Once-Weekly GLP-1 Agonist Added to Oral Agents Lowers A1c

February 2, 2015

Researchers saw a rapid and durable response to the addition of albiglutide in T2DM patients not reaching glycemic targets on dual oral therapy.

The GLP-1 receptor agonist albiglutide effectively improved glycemic control in patients with type 2 diabetes when given as part of triple therapy that also included metformin and glimepiride, according to the results of the HARMONY 5 study.

“The effect on HbA1c was rapid and durable,” wrote researchers led by Philip D. Home, DM, DPhil, of the Institute of Cellular Medicine-Diabetes, Newcastle University, United Kingdom. “These results were found with non-forced uptitration to the higher dose of albiglutide (50 mg weekly) in a generally obese population living with diabetes for approximately 9 years and whose glycaemia was inadequately controlled on lifestyle measures and two oral agents.”

Albiglutide differs slightly from other available GLP-1 receptor agonists because it is highly homologous to native human GLP-1 and consists of two tandem DPP-4-resistant, recombinant GLP-1 peptides conjugated to recombinant human albumin, making the drug’s half-life about four to seven days, considerably longer than other GLP-1 analogs. This longer half-life allows for a once-weekly dosing schedule.

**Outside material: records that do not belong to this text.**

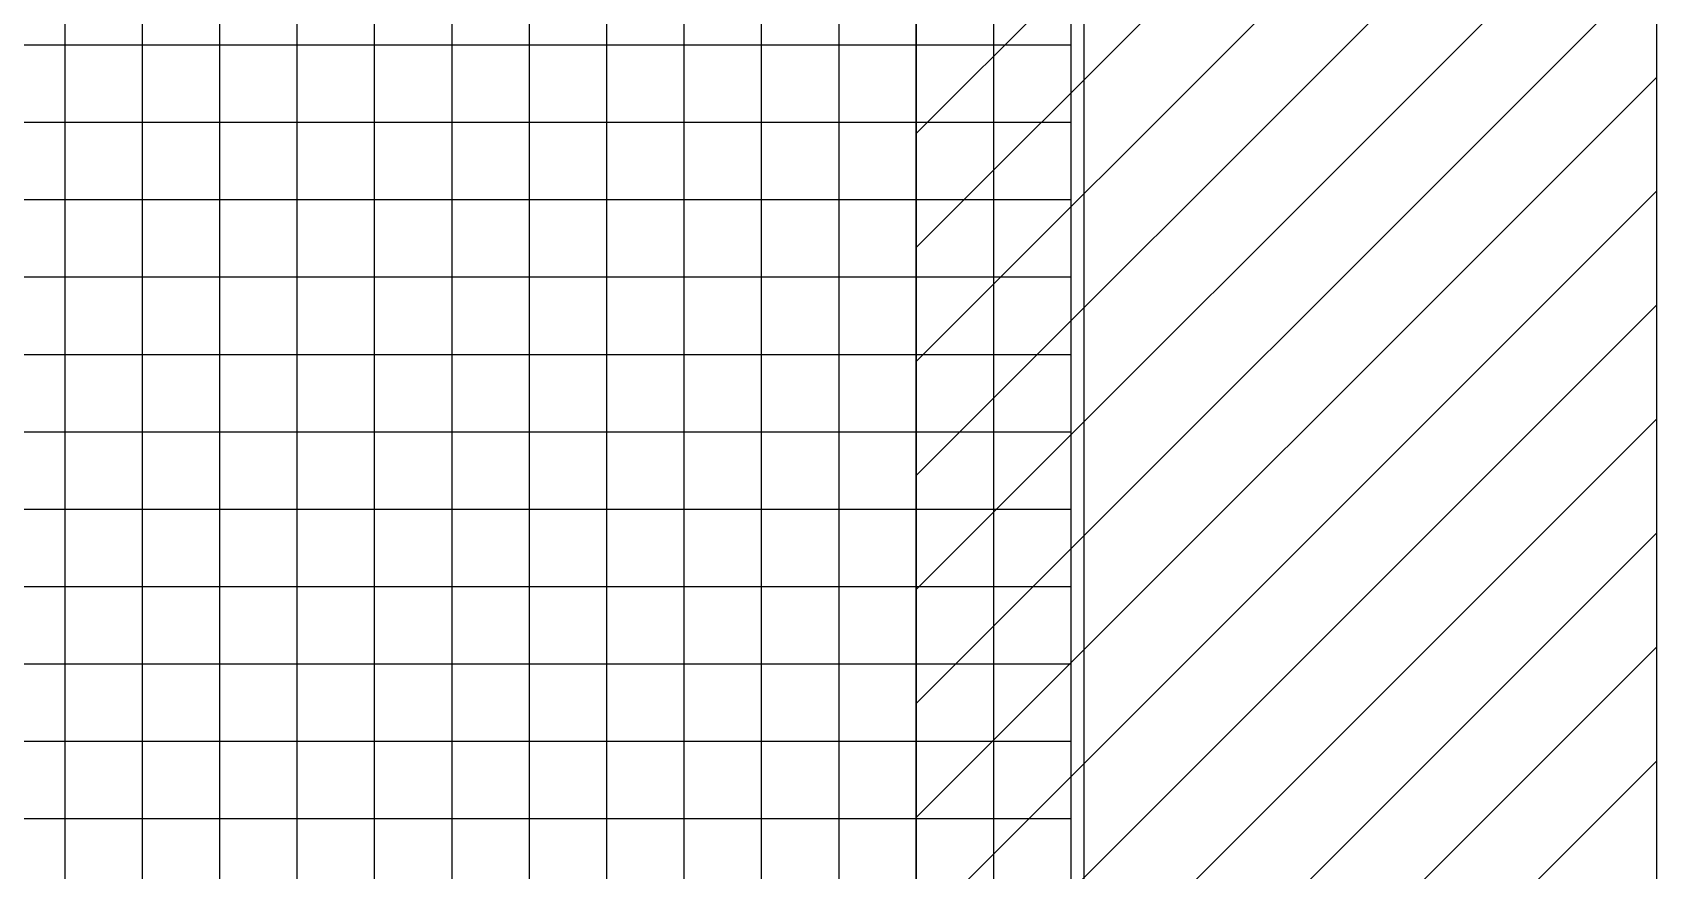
# Model space of a CAD drawing. Header units: millimetres. Extents: x -960 to 41501, y -1010 to 11880.
# Drawn here: x 18515 to 19774, y 7580 to 8230 of the extents above; entities that cross this region are included whole.
import ezdxf
from ezdxf.enums import TextEntityAlignment as Align

# ---------------------------------------------------------------- set-up
doc = ezdxf.new("R2010")
doc.units = ezdxf.units.MM
doc.header["$LTSCALE"] = 100
doc.linetypes.add('X-S-FAB-L10$0$COL-CEN-LIN', pattern=[3.25, 2.5, -0.25, 0.25, -0.25])
for name, color, linetype in [('0-XREF', 7, 'Continuous'), ('188K-SM-03-F10-ARCH-PA-Y2257103$0$K-岩棉 2hr 7.5-單抗', 53, 'Continuous'), ('188K-SM-03-F10-ARCH-RF-Y2257103$0$K-RF-0.55', 191, 'Continuous'), ('188K-SM-03-F10-ARCH-RF-Y2257103$0$K-RF-0.55-AREA', 6, 'Continuous'), ('X-S-FAB-L10$0$0-DIM-TXT', 8, 'Continuous'), ('X-S-FAB-L10$0$04', 8, 'Continuous'), ('X-S-FAB-L10$0$BLOCK', 8, 'Continuous'), ('X-S-FAB-L10$0$CCL', 8, 'X-S-FAB-L10$0$COL-CEN-LIN'), ('X-S-FAB-L10$0$HATCH-L', 8, 'Continuous')]:
    doc.layers.add(name, color=color, linetype=linetype)
doc.styles.add('X-S-FAB-L10$0$CHINA', font='simplex.shx', dxfattribs={"width": 0.75, "bigfont": 'chineset.shx'})
doc.styles.add('X-S-FAB-L10$0$Standard', font='', dxfattribs={"width": 0.8})
doc.styles.add('X-S-FAB-L10$0$TG_NOTE_TEXT', font='simplex.shx', dxfattribs={"width": 0.75, "bigfont": 'chineset.shx'})
doc.styles.get('X-S-FAB-L10$0$Standard').set_extended_font_data('Microsoft JhengHei')

# ---------------------------------------------------------------- blocks, each defined once
blk = doc.blocks.new('X-S-FAB-L10$0$FAB2-L05')
at = {"layer": 'X-S-FAB-L10$0$CCL'}
blk.add_line((-6840, 11005), (-6840, 0), dxfattribs=at)
blk = doc.blocks.new('X-S-FAB-L10')
at = {"layer": 'X-S-FAB-L10$0$04'}
for p, q in [((19774, 9035), (19774, 7528.8)), ((19200, 7320), (19200, 8595))]:
    blk.add_line(p, q, dxfattribs=at)
at = {"layer": 'X-S-FAB-L10$0$HATCH-L', "linetype": 'Continuous'}
for p, q in [((19200, 8063.1), (19774, 8637.1)), ((19200, 8151.5), (19643.5, 8595)), ((19200, 7974.7), (19774, 8548.7)), ((19200, 7886.3), (19774, 8460.3)), ((19200, 7797.9), (19774, 8371.9)), ((19200, 7709.5), (19774, 8283.5)), ((19200, 7621.1), (19774, 8195.1)), ((19200, 7532.7), (19774, 8106.7)), ((19290.7, 7535), (19774, 8018.3)), ((19355, 7511), (19774, 7930)), ((19252.4, 7320), (19774, 7841.6)), ((19340.8, 7320), (19774, 7753.2)), ((19429.2, 7320), (19774, 7664.8))]:
    blk.add_line(p, q, dxfattribs=at)
at = {"layer": 'X-S-FAB-L10$0$BLOCK'}
blk.add_blockref('X-S-FAB-L10$0$FAB2-L05', (26160, -720), dxfattribs=at)
at = {"style": 'X-S-FAB-L10$0$TG_NOTE_TEXT', "width": 0.5, "flags": 1}
for p in [(7463.3, 9020), (18268.3, 8649), (11197.8, 4800.2), (16485.8, 4800.2), (25420.3, 2635), (13360, 320, 0), (7463.3, -33.3)]:
    blk.add_attdef('WH', text='', height=20, dxfattribs=at).set_placement(p, align=Align.BOTTOM_LEFT)
at = {"width": 0.5}
for style, p in [('X-S-FAB-L10$0$TG_NOTE_TEXT', (7585, 9020)), ('X-S-FAB-L10$0$TG_NOTE_TEXT', (18390, 8649)), ('X-S-FAB-L10$0$TG_NOTE_TEXT', (11117.5, 4813.5)), ('X-S-FAB-L10$0$TG_NOTE_TEXT', (16607.5, 4813.5)), ('X-S-FAB-L10$0$TG_NOTE_TEXT', (25350, 2635)), ('X-S-FAB-L10$0$Standard', (13129.4, 325, 0)), ('X-S-FAB-L10$0$TG_NOTE_TEXT', (7585, -20))]:
    blk.add_attdef('DESC', text='', height=10, dxfattribs=dict(at, style=style)).set_placement(p, align=Align.BOTTOM_LEFT)
for tag, style, p in [('TYPE', 'X-S-FAB-L10$0$TG_NOTE_TEXT', (7619.3, 9020)), ('NO', 'X-S-FAB-L10$0$TG_NOTE_TEXT', (7650.1, 9020)), ('TYPE', 'X-S-FAB-L10$0$TG_NOTE_TEXT', (18424.2, 8649)), ('NO', 'X-S-FAB-L10$0$TG_NOTE_TEXT', (18455, 8649)), ('NO', 'X-S-FAB-L10$0$TG_NOTE_TEXT', (11088.6, 4813.5)), ('TYPE', 'X-S-FAB-L10$0$TG_NOTE_TEXT', (11151.8, 4813.5)), ('TYPE', 'X-S-FAB-L10$0$TG_NOTE_TEXT', (16641.8, 4813.5)), ('NO', 'X-S-FAB-L10$0$TG_NOTE_TEXT', (16672.6, 4813.5)), ('NO', 'X-S-FAB-L10$0$TG_NOTE_TEXT', (25313, 2635)), ('TYPE', 'X-S-FAB-L10$0$TG_NOTE_TEXT', (25350, 2635)), ('NO', 'X-S-FAB-L10$0$Standard', (13100, 320, 0)), ('TYPE', 'X-S-FAB-L10$0$Standard', (13129.4, 320, 0)), ('TYPE', 'X-S-FAB-L10$0$TG_NOTE_TEXT', (7619.3, -20)), ('NO', 'X-S-FAB-L10$0$TG_NOTE_TEXT', (7650.1, -20))]:
    blk.add_attdef(tag, text='', height=10, dxfattribs=dict(at, style=style)).set_placement(p, align=Align.BOTTOM_RIGHT)
at = {"style": 'X-S-FAB-L10$0$TG_NOTE_TEXT', "width": 0.5, "flags": 1}
for rotation, p in [(180, (43, 7480)), (180, (943, 7480)), (90, (24310, 3717.8)), (270, (17080, 1711.7))]:
    blk.add_attdef('WH', text='', height=20, rotation=rotation, dxfattribs=at).set_placement(p, align=Align.BOTTOM_LEFT)
at = {"width": 0.5}
for rotation, style, p in [(180, 'X-S-FAB-L10$0$Standard', (317.6, 7480)), (180, 'X-S-FAB-L10$0$Standard', (1217.6, 7480)), (90, 'X-S-FAB-L10$0$TG_NOTE_TEXT', (24310, 3647.5)), (270, 'X-S-FAB-L10$0$TG_NOTE_TEXT', (17080, 1605))]:
    blk.add_attdef('DESC', text='', height=10, rotation=rotation, dxfattribs=dict(at, style=style)).set_placement(p, align=Align.BOTTOM_LEFT)
for tag, rotation, style, p in [('TYPE', 180, 'X-S-FAB-L10$0$Standard', (317.6, 7480)), ('NO', 180, 'X-S-FAB-L10$0$Standard', (347, 7480)), ('TYPE', 180, 'X-S-FAB-L10$0$Standard', (1217.6, 7480)), ('NO', 180, 'X-S-FAB-L10$0$Standard', (1247, 7480)), ('TYPE', 90, 'X-S-FAB-L10$0$TG_NOTE_TEXT', (24310, 3647.5)), ('NO', 90, 'X-S-FAB-L10$0$TG_NOTE_TEXT', (24310, 3610.5)), ('TYPE', 270, 'X-S-FAB-L10$0$TG_NOTE_TEXT', (17080, 1605)), ('NO', 270, 'X-S-FAB-L10$0$TG_NOTE_TEXT', (17080, 1573))]:
    blk.add_attdef(tag, text='', height=10, rotation=rotation, dxfattribs=dict(at, style=style)).set_placement(p, align=Align.BOTTOM_RIGHT)
at = {"layer": 'X-S-FAB-L10$0$0-DIM-TXT', "style": 'X-S-FAB-L10$0$CHINA', "width": 0.75}
for p in [(667.4, 7855.1, -2689.4), (22627.4, 6728.8), (25644.7, 6728.8), (24778.8, 5569.1), (1118.3, 4980), (417.8, 4594.6), (23874.8, 4355), (22927.4, 4330.1), (23749.9, 3901.4), (417.8, 3765.2), (1118.3, 3730), (417.8, 3115.8), (536.9, 2227.8), (16909, 1782.7), (888.4, 880.5), (16977.4, 750), (18878.8, 750), (25641.2, 553.2), (21364, 526.9)]:
    blk.add_attdef('HIG', text='', height=80, dxfattribs=at).set_placement(p, align=Align.MIDDLE_LEFT)
blk = doc.blocks.new('188K-SM-03-F10-ARCH-RF-Y2257103')
at = {"layer": '188K-SM-03-F10-ARCH-RF-Y2257103$0$K-RF-0.55'}
for p, q in [((18540, 9010.5), (18540, 1870)), ((18600, 9010.5), (18600, 1870)), ((18660, 9010.5), (18660, 1870)), ((18720, 9010.5), (18720, 1870)), ((18780, 9010.5), (18780, 1870)), ((18840, 9010.5), (18840, 1870)), ((18900, 9010.5), (18900, 1870)), ((18960, 8595), (18960, 1870)), ((19020, 8595), (19020, 1870)), ((19080, 8595), (19080, 1870)), ((19140, 8595), (19140, 1870)), ((19200, 8595), (19200, 1870)), ((19260, 8595), (19260, 1870)), ((19320, 8595), (19320, 1870)), ((19320, 8220), (1845, 8220)), ((19320, 8160), (1845, 8160)), ((19320, 8100), (1845, 8100)), ((19320, 8040), (1845, 8040)), ((19320, 7980), (1845, 7980)), ((19320, 7920), (1845, 7920)), ((19320, 7860), (1845, 7860)), ((19320, 7800), (1845, 7800)), ((19320, 7740), (1845, 7740)), ((19320, 7680), (1845, 7680)), ((19320, 7620), (1845, 7620))]:
    blk.add_line(p, q, dxfattribs=at)
at = {"layer": '188K-SM-03-F10-ARCH-RF-Y2257103$0$K-RF-0.55-AREA', "elevation": 0}
blk.add_lwpolyline([(16835, 9010.5), (17595, 9010.5), (17595, 8629), (18525, 8629), (18525, 9010.5), (18937.5, 9010.5), (18937.5, 8595), (19320, 8595), (19320, 7535)], dxfattribs=at)
blk = doc.blocks.new('188K-SM-03-F10-ARCH-PA-Y2257103')
at = {"layer": '188K-SM-03-F10-ARCH-PA-Y2257103$0$K-岩棉 2hr 7.5-單抗'}
for p, q in [((19320, 8295), (19320, 7535)), ((19330, 8295), (19330, 7535))]:
    blk.add_line(p, q, dxfattribs=at)

msp = doc.modelspace()

# ---------------------------------------------------------------- block references
for name in ['X-S-FAB-L10', '188K-SM-03-F10-ARCH-RF-Y2257103']:
    msp.add_blockref(name, (0, 0))
at = {"layer": '0-XREF'}
msp.add_blockref('188K-SM-03-F10-ARCH-PA-Y2257103', (0, 0), dxfattribs=at)

doc.saveas('drawing.dxf')

In HARMONY 5, Home and colleagues tested the efficacy of albiglutide once-weekly against placebo or pioglitazone in a group of 685 patients with type 2 diabetes who were not reaching glcyemic targets on dual oral therapy with metformin and glimepiride.

Patients were randomly assigned to 30-mg weekly albiglutide, 30-mg pioglitazone or placebo, with uptitration of albiglutide and pioglitazone allowed if necessary. Although patients were followed for 156 weeks, the results of the primary analysis looked at outcomes after 52 weeks of treatment.

At week 52, HbA1c levels had decreased from baseline in patients assigned to albiglutide and pioglitazone. The difference in change in HbA1c for albiglutide vs placebo was –0.87 (p<.001); and between albiglutide and pioglitazone was 0.25.

“Non-inferiority to pioglitazone at the prespecified margin of 0.30% was not established; however, significantly more participants on albiglutide than placebo achieved HbA1c goals of <6.5% (p=.018), <7.0% (p<.001), and <7.5% (p<.001) at week 52,” the researchers wrote. “Moreover, significantly more participants on pioglitazone than albiglutide achieved HbA1c goals of <7.0% (p=.048) and <7.5% (p=.007) at week 52.”

Study results showed that fasting plasma glucose levels decreased rapidly between baseline and 2 weeks of treatment, with the decrease maintained up to week 52 of follow-up. The researchers noted that this decrease was observed after only one dose of albiglutide. In contrast, the decrease in fasting plasma glucose seen in patients assigned pioglitazone was slower, with declining levels up until week 12 with maintenance until week 52.

Confirmed hypoglycemia occurred in 14% of patients assigned albiglutide, 25% assigned pioglitazone and 14% assigned placebo. The probability of hyperglycemic rescue was 21.6% for albiglutide, 19.6% for pioglitazone, and 55.8% for placebo.

Albiglutide was approved by the FDA in April 2014 as a once-weekly injectable GLP-1 receptor agonist for patients with type 2 diabetes. It was approved for use as monotherapy or in combination with metformin, glimepiride, pioglitazone, or insulin.

 

 

 

References:

Home PD, Shamanna P, Stewart M, et al. Efficacy and tolerability of albiglutide versus placebo or pioglitazone over 1 year in people with type 2 diabetes currently taking metformin and glimepiride: HARMONY 5. Diabetes, Obesi Metab. 2015; 17:179-187.